WHAT IS REQUIRED
What lines of the data hold the string "dimlwd"? Copy them all.

Records from a dataset
▶
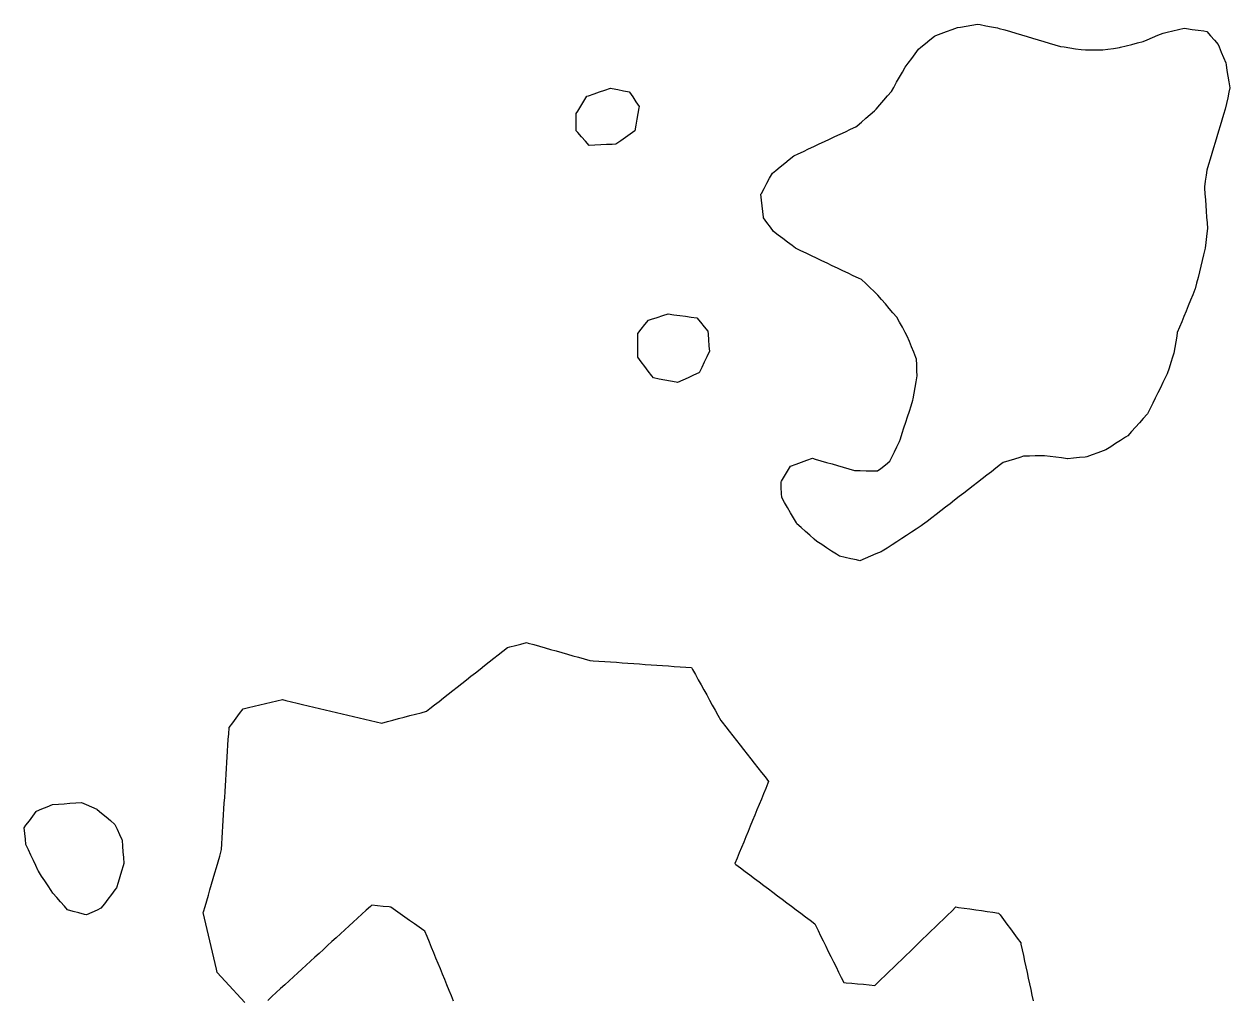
# Model space of a CAD drawing. Header units: millimetres. Extents: x 165 to 2352, y 1753 to 3323.
# Drawn here: x 1362.4 to 1570.3, y 2076 to 2244 of the extents above; entities that cross this region are included whole.
import ezdxf

# ---------------------------------------------------------------- set-up
doc = ezdxf.new("R2010")
doc.units = ezdxf.units.MM
for name, color, linetype in [('ALL_HOLES', 1, 'Continuous'), ('ALL_ISLANDS', 7, 'Continuous'), ('OUTLINE_ISLAND_01', 7, 'Continuous'), ('OUTLINE_ISLAND_01_HOLE_15', 1, 'Continuous'), ('OUTLINE_ISLAND_01_HOLE_21', 1, 'Continuous'), ('OUTLINE_ISLAND_01_HOLE_23', 1, 'Continuous'), ('OUTLINE_ISLAND_01_HOLE_25', 1, 'Continuous')]:
    doc.layers.add(name, color=color, linetype=linetype)

msp = doc.modelspace()

# ---------------------------------------------------------------- linework, layer by layer
at = {"layer": 'ALL_HOLES'}
for points in [[(1566.3055, 2242.7144), (1566.964, 2241.9618), (1567.6225, 2241.2092), (1568.281, 2240.4566), (1568.4436, 2240.0597), (1568.8226, 2239.1343), (1569.2016, 2238.2089), (1569.5806, 2237.2835), (1569.6363, 2236.9539), (1569.8027, 2235.9678), (1569.9692, 2234.9818), (1570.1356, 2233.9957), (1570.3021, 2233.0097), (1570.1352, 2232.2358), (1569.9243, 2231.2583), (1569.7135, 2230.2808), (1569.5026, 2229.3033), (1569.2218, 2228.3716), (1568.9333, 2227.4142), (1568.6447, 2226.4567), (1568.3562, 2225.4992), (1568.0676, 2224.5418), (1567.7791, 2223.5843), (1567.4905, 2222.6269), (1567.202, 2221.6694), (1566.9134, 2220.7119), (1566.6249, 2219.7545), (1566.3363, 2218.797), (1566.2061, 2217.9131), (1566.0604, 2216.9238), (1565.9147, 2215.9345), (1565.9307, 2215.7103), (1566.002, 2214.7128), (1566.0732, 2213.7154), (1566.1445, 2212.7179), (1566.2158, 2211.7205), (1566.287, 2210.723), (1566.3583, 2209.7256), (1566.4296, 2208.7281), (1566.3873, 2208.3472), (1566.2769, 2207.3533), (1566.1665, 2206.3594), (1566.0562, 2205.3655), (1566.0046, 2205.1565), (1565.7649, 2204.1856), (1565.5252, 2203.2148), (1565.2855, 2202.2439), (1565.0459, 2201.2731), (1564.8062, 2200.3022), (1564.5665, 2199.3314), (1564.3268, 2198.3605), (1564.2717, 2198.226), (1563.8928, 2197.3005), (1563.5139, 2196.3751), (1563.1349, 2195.4497), (1562.756, 2194.5243), (1562.3771, 2193.5988), (1561.9982, 2192.6734), (1561.6192, 2191.748), (1561.2403, 2190.8226), (1561.1374, 2190.2053), (1560.973, 2189.2189), (1560.8086, 2188.2325), (1560.6442, 2187.2462), (1560.431, 2186.5809), (1560.1259, 2185.6285), (1559.8208, 2184.6762), (1559.5157, 2183.7239), (1559.214, 2183.1118), (1558.7718, 2182.2149), (1558.3297, 2181.3179), (1557.8876, 2180.421), (1557.4454, 2179.524), (1557.0033, 2178.6271), (1556.5612, 2177.7301), (1556.119, 2176.8332), (1556.0483, 2176.7548), (1555.3785, 2176.0124), (1554.7086, 2175.2699), (1554.0387, 2174.5274), (1553.3688, 2173.785), (1552.6989, 2173.0425), (1552.2791, 2172.7703), (1551.4401, 2172.2262), (1550.6011, 2171.682), (1549.7621, 2171.1379), (1548.9231, 2170.5938), (1548.4568, 2170.4227), (1547.518, 2170.0781), (1546.5793, 2169.7335), (1545.6405, 2169.3889), (1545.3523, 2169.3606), (1544.3571, 2169.2627), (1543.3619, 2169.1648), (1542.3667, 2169.0669), (1542.2923, 2169.0766), (1541.3008, 2169.2062), (1540.3092, 2169.3357), (1539.3176, 2169.4653), (1538.3261, 2169.5949), (1537.737, 2169.5777), (1536.7374, 2169.5486), (1535.7379, 2169.5194), (1534.7383, 2169.4903), (1534.1138, 2169.2991), (1533.1576, 2169.0064), (1532.2014, 2168.7136), (1531.2452, 2168.4209), (1530.7693, 2168.053), (1529.9782, 2167.4414), (1529.187, 2166.8297), (1528.3959, 2166.2181), (1527.6048, 2165.6065), (1526.8136, 2164.9948), (1526.0225, 2164.3832), (1525.2313, 2163.7716), (1524.4402, 2163.1599), (1523.649, 2162.5483), (1522.8579, 2161.9367), (1522.0668, 2161.325), (1521.2756, 2160.7134), (1520.4845, 2160.1018), (1519.6933, 2159.4902), (1518.9022, 2158.8785), (1518.111, 2158.2669), (1517.3199, 2157.6553), (1517.0805, 2157.499), (1516.243, 2156.9526), (1515.4055, 2156.4061), (1514.5681, 2155.8596), (1513.7306, 2155.3132), (1512.8931, 2154.7667), (1512.0556, 2154.2202), (1511.2181, 2153.6738), (1510.3807, 2153.1273), (1510.2081, 2153.054), (1509.2878, 2152.663), (1508.3674, 2152.2719), (1507.447, 2151.8809), (1506.5266, 2151.4899), (1505.9255, 2151.6227), (1504.9491, 2151.8384), (1503.9726, 2152.0542), (1502.9962, 2152.2699), (1502.4603, 2152.6215), (1501.6242, 2153.1701), (1500.7881, 2153.7187), (1499.952, 2154.2673), (1499.1159, 2154.8158), (1498.6667, 2155.2148), (1497.919, 2155.8789), (1497.1713, 2156.5429), (1496.4236, 2157.207), (1495.676, 2157.8711), (1495.5685, 2158.0541), (1495.0622, 2158.9164), (1494.5558, 2159.7788), (1494.0495, 2160.6411), (1493.5432, 2161.5035), (1493.0369, 2162.3658), (1493.0095, 2163.1015), (1492.9723, 2164.1008), (1492.9351, 2165.1001), (1493.0113, 2165.2254), (1493.5307, 2166.08), (1494.0501, 2166.9345), (1494.5695, 2167.789), (1494.5731, 2167.7903), (1495.5135, 2168.1303), (1496.4539, 2168.4703), (1497.3943, 2168.8103), (1498.3347, 2169.1504), (1498.8384, 2169.0051), (1499.7992, 2168.7279), (1500.7601, 2168.4508), (1501.7209, 2168.1736), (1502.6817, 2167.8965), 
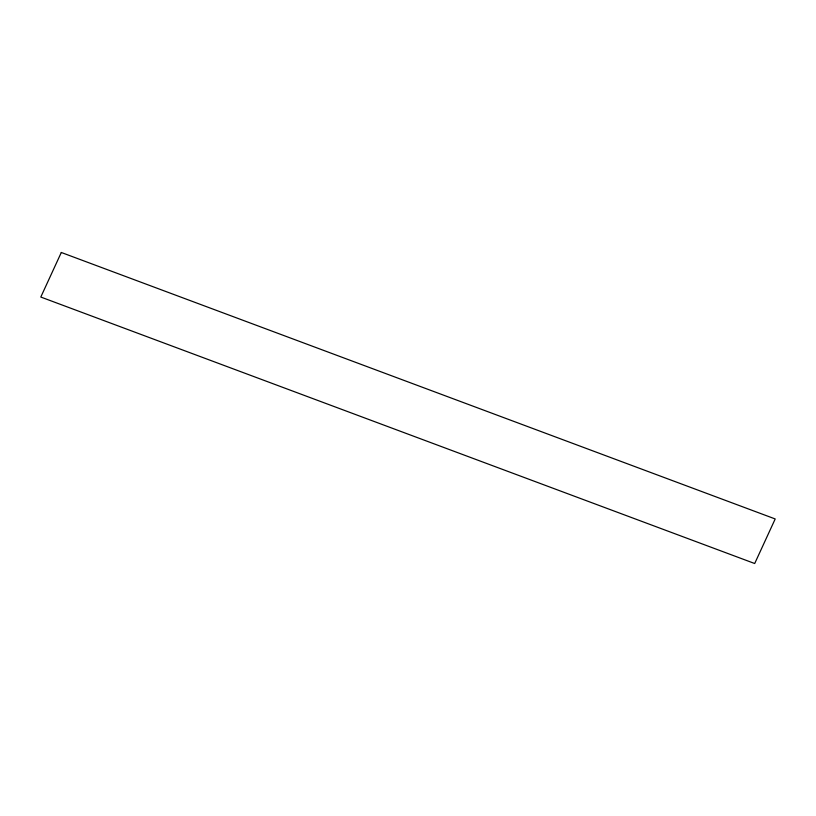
<?xml version="1.0" encoding="UTF-8"?>
<svg xmlns="http://www.w3.org/2000/svg" width="816" height="816" viewBox="0 0 816 816"><rect width="100%" height="100%" fill="white"/><g stroke="black" fill="none" stroke-linecap="round" stroke-linejoin="round"><path stroke-width="1.22" d="M61.302 252.481L40.8 297.044L754.698 563.519L775.2 518.956L61.302 252.481"/></g></svg>
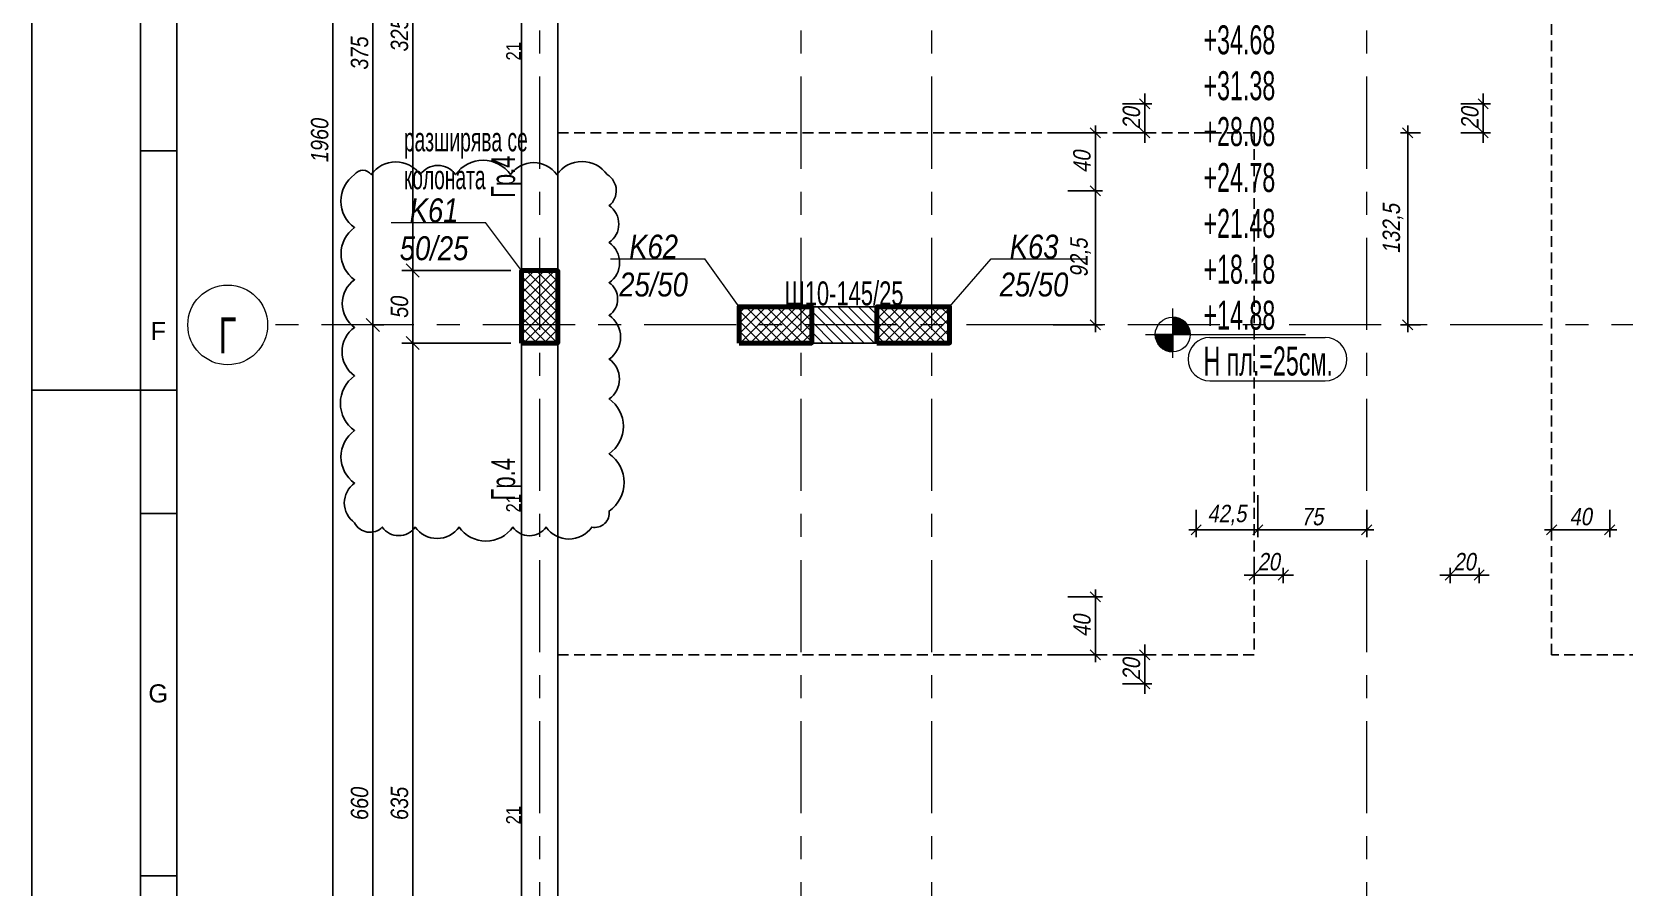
# Model space of a CAD drawing. Header units: millimetres. Extents: x 15565 to 20040, y -491 to 2778.
# Drawn here: x 15565 to 16663, y 671 to 1261 of the extents above; entities that cross this region are included whole.
import ezdxf

# ---------------------------------------------------------------- set-up
doc = ezdxf.new("R2010")
doc.units = ezdxf.units.MM
doc.header["$PDMODE"] = 35
doc.linetypes.add('Grid Line', pattern=[111.125, 63.5, -15.875, 15.875, -15.875])
doc.linetypes.add('HIDDEN', pattern=[0.375, 0.25, -0.125])
doc.layers.get('Defpoints').update_dxf_attribs({"color": 6})
for name, color, linetype, lineweight in [('A-ANNO-DIMS', 41, 'Continuous', 9), ('A-FLOR', 132, 'Continuous', 25), ('A-FLOR-IDEN', 11, 'Continuous', 9), ('A-WALL-IDEN', 52, 'Continuous', 9), ('A-WALL-PATT', 7, 'Continuous', 50), ('C- оси', 1, 'Continuous', 9), ('S-COLS', 126, 'Continuous', 70), ('S-COLS-IDEN', 50, 'Continuous', 9), ('S-COLS_H', 7, 'Continuous', 70), ('S-GRID-оси', 1, 'Continuous', 9), ('гредиConcrete', 4, 'Continuous', 25), ('стени', 3, 'Continuous', 25)]:
    doc.layers.add(name, color=color, linetype=linetype, lineweight=lineweight)
for name, color, linetype in [('Com_Label', 9, 'Continuous'), ('GA_X', 41, 'Continuous'), ('GA_Y', 41, 'Continuous'), ('ramka_1', 136, 'Continuous')]:
    doc.layers.add(name, color=color, linetype=linetype)
doc.styles.add('Arial', font='arial.ttf')
doc.styles.add('Arial Narrow', font='ARIALN.TTF', dxfattribs={"width": 0.8, "height": 25})
doc.styles.add('Arial Narrow_1', font='ARIALN.TTF', dxfattribs={"width": 0.7, "height": 20})
doc.styles.add('Arial Narrow_2', font='ARIALN.TTF', dxfattribs={"width": 0.8, "height": 16.5})
doc.styles.add('Arial Narrow_I', font='ARIALNI.TTF', dxfattribs={"height": 12})
doc.styles.add('Arial Narrow_I_1', font='ARIALNI.TTF', dxfattribs={"height": 16.5})
doc.styles.add('arn', font='ARIALN.TTF')
doc.styles.add('text', font='ARIALN.TTF', dxfattribs={"oblique": 10})
doc.dimstyles.new('arm', dxfattribs={"dimtxt": 10, "dimasz": 7, "dimexe": 5, "dimexo": 5, "dimgap": 3, "dimtad": 1, "dimdec": 1, "dimrnd": 0.5, "dimzin": 9, "dimtxsty": 'arn', "dimblk": 'OBLIQUE', "dimcen": -2.5, "dimdle": 5, "dimse1": 1, "dimse2": 1, "dimsd1": 1, "dimsd2": 1, "dimclrd": 256, "dimclre": 256, "dimclrt": 21, "dimadec": 0, "dimazin": 0, "dimtfac": 1, "dimtdec": 1, "dimtix": 1, "dimtmove": 2, "dimatfit": 3, "dimldrblk": 'DOT', "dimfxl": 1, "dimlwd": -1, "dimlwe": -1, "dimarcsym": 0})
doc.dimstyles.new('S&P', dxfattribs={"dimtxt": 12, "dimasz": 7, "dimexe": 5, "dimexo": 5, "dimgap": 3, "dimtad": 1, "dimdec": 1, "dimrnd": 0.5, "dimzin": 9, "dimtxsty": 'text', "dimblk": 'OBLIQUE', "dimcen": -2.5, "dimdle": 5, "dimclrd": 256, "dimclre": 256, "dimclrt": 21, "dimadec": 0, "dimazin": 0, "dimtfac": 1, "dimtdec": 1, "dimtix": 1, "dimtmove": 2, "dimatfit": 3, "dimldrblk": 'DOT', "dimfxl": 1, "dimlwd": -1, "dimlwe": -1, "dimarcsym": 0})
doc.dimstyles.new('Външни_дименсии_0_5_3', dxfattribs={"dimscale": 30.48, "dimtxt": 12.281172, "dimasz": 0.295276, "dimexe": 0.246063, "dimexo": 0.246063, "dimgap": 0.098425, "dimtad": 1, "dimdec": 1, "dimrnd": 0.5, "dimdsep": 46, "dimtxsty": 'Arial Narrow_I', "dimblk1": 'OBLIQUE', "dimblk2": 'OBLIQUE', "dimsah": 1, "dimcen": 0.09, "dimdle": 0.246063, "dimazin": 0, "dimtfac": 1, "dimtdec": 4, "dimtix": 1, "dimtmove": 0, "dimatfit": 3, "dimfxl": 1, "dimtvp": 1, "dimtolj": 1, "dimtzin": 0, "dimarcsym": 0})
pattern_1 = [(45, (-14351.6817, 4115.3176), (-3.5355339, 3.5355339), []), (135, (-14351.6817, 4115.3176), (-3.5355339, -3.5355339), [])]

# ---------------------------------------------------------------- blocks, each defined once
blk = doc.blocks.new('*D13')
at = {"layer": 'Defpoints', "color": 0, "transparency": 16777216}
for p in [(15905.5, 946.2), (15905.5, 946.2), (15905.5, 925.2)]:
    blk.add_point(p, dxfattribs=at)
at = {"layer": 'GA_X', "color": 21, "transparency": 16777216, "insert": (15897.4, 935.7), "char_height": 10, "attachment_point": 5, "rotation": 90, "style": 'arn'}
blk.add_mtext('21', dxfattribs=at)
blk = doc.blocks.new('_Dot')
at = {"color": 0, "linetype": 'ByBlock', "lineweight": -2}
blk.add_line((-0.5, 0), (-1, 0), dxfattribs=at)
at = {"color": 0, "linetype": 'ByBlock', "const_width": 0.5}
blk.add_lwpolyline([(-0.25, 0, 1), (0.25, 0, 1)], format="xyb", close=True, dxfattribs=at)
blk = doc.blocks.new('_Oblique')
at = {"color": 0, "linetype": 'ByBlock', "lineweight": -2}
blk.add_line((-0.5, -0.5), (0.5, 0.5), dxfattribs=at)
blk = doc.blocks.new('*D44')
at = {"layer": 'Defpoints', "color": 0, "transparency": 16777216}
for p in [(16312.2, 831.2), (16312.2, 811.2), (16332.5, 811.2)]:
    blk.add_point(p, dxfattribs=at)
at = {"layer": 'GA_X', "transparency": 16777216}
for p, q in [((16332.5, 831.2), (16332.5, 838.2)), ((16317.2, 831.2), (16337.5, 831.2)), ((16332.5, 831.2), (16332.5, 811.2)), ((16317.2, 811.2), (16337.5, 811.2)), ((16332.5, 811.2), (16332.5, 804.2))]:
    blk.add_line(p, q, dxfattribs=at)
at = {"layer": 'GA_X', "transparency": 16777216, "xscale": 7, "yscale": 7, "zscale": 7}
for p, rotation in [((16332.5, 831.2), 270), ((16332.5, 811.2), 90)]:
    blk.add_blockref('_Oblique', p, dxfattribs=dict(at, rotation=rotation))
at = {"layer": 'GA_X', "color": 21, "transparency": 16777216, "insert": (16323.4, 821.2), "char_height": 12, "attachment_point": 5, "rotation": 90, "style": 'text'}
blk.add_mtext('20', dxfattribs=at)
blk = doc.blocks.new('*D52')
at = {"layer": 'Defpoints', "color": 0, "transparency": 16777216}
for p in [(16312.2, 1211.2), (16312.2, 1191.2), (16332.5, 1191.2)]:
    blk.add_point(p, dxfattribs=at)
at = {"layer": 'GA_X', "transparency": 16777216}
for p, q in [((16317.2, 1211.2), (16337.5, 1211.2)), ((16332.5, 1211.2), (16332.5, 1218.2)), ((16332.5, 1211.2), (16332.5, 1191.2)), ((16317.2, 1191.2), (16337.5, 1191.2)), ((16332.5, 1191.2), (16332.5, 1184.2))]:
    blk.add_line(p, q, dxfattribs=at)
at = {"layer": 'GA_X', "transparency": 16777216, "xscale": 7, "yscale": 7, "zscale": 7}
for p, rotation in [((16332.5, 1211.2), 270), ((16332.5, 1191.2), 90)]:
◀
EXERCISE SOLUTION
doc.dimstyles.new('arm', dxfattribs={"dimtxt": 10, "dimasz": 7, "dimexe": 5, "dimexo": 5, "dimgap": 3, "dimtad": 1, "dimdec": 1, "dimrnd": 0.5, "dimzin": 9, "dimtxsty": 'arn', "dimblk": 'OBLIQUE', "dimcen": -2.5, "dimdle": 5, "dimse1": 1, "dimse2": 1, "dimsd1": 1, "dimsd2": 1, "dimclrd": 256, "dimclre": 256, "dimclrt": 21, "dimadec": 0, "dimazin": 0, "dimtfac": 1, "dimtdec": 1, "dimtix": 1, "dimtmove": 2, "dimatfit": 3, "dimldrblk": 'DOT', "dimfxl": 1, "dimlwd": -1, "dimlwe": -1, "dimarcsym": 0})
doc.dimstyles.new('S&P', dxfattribs={"dimtxt": 12, "dimasz": 7, "dimexe": 5, "dimexo": 5, "dimgap": 3, "dimtad": 1, "dimdec": 1, "dimrnd": 0.5, "dimzin": 9, "dimtxsty": 'text', "dimblk": 'OBLIQUE', "dimcen": -2.5, "dimdle": 5, "dimclrd": 256, "dimclre": 256, "dimclrt": 21, "dimadec": 0, "dimazin": 0, "dimtfac": 1, "dimtdec": 1, "dimtix": 1, "dimtmove": 2, "dimatfit": 3, "dimldrblk": 'DOT', "dimfxl": 1, "dimlwd": -1, "dimlwe": -1, "dimarcsym": 0})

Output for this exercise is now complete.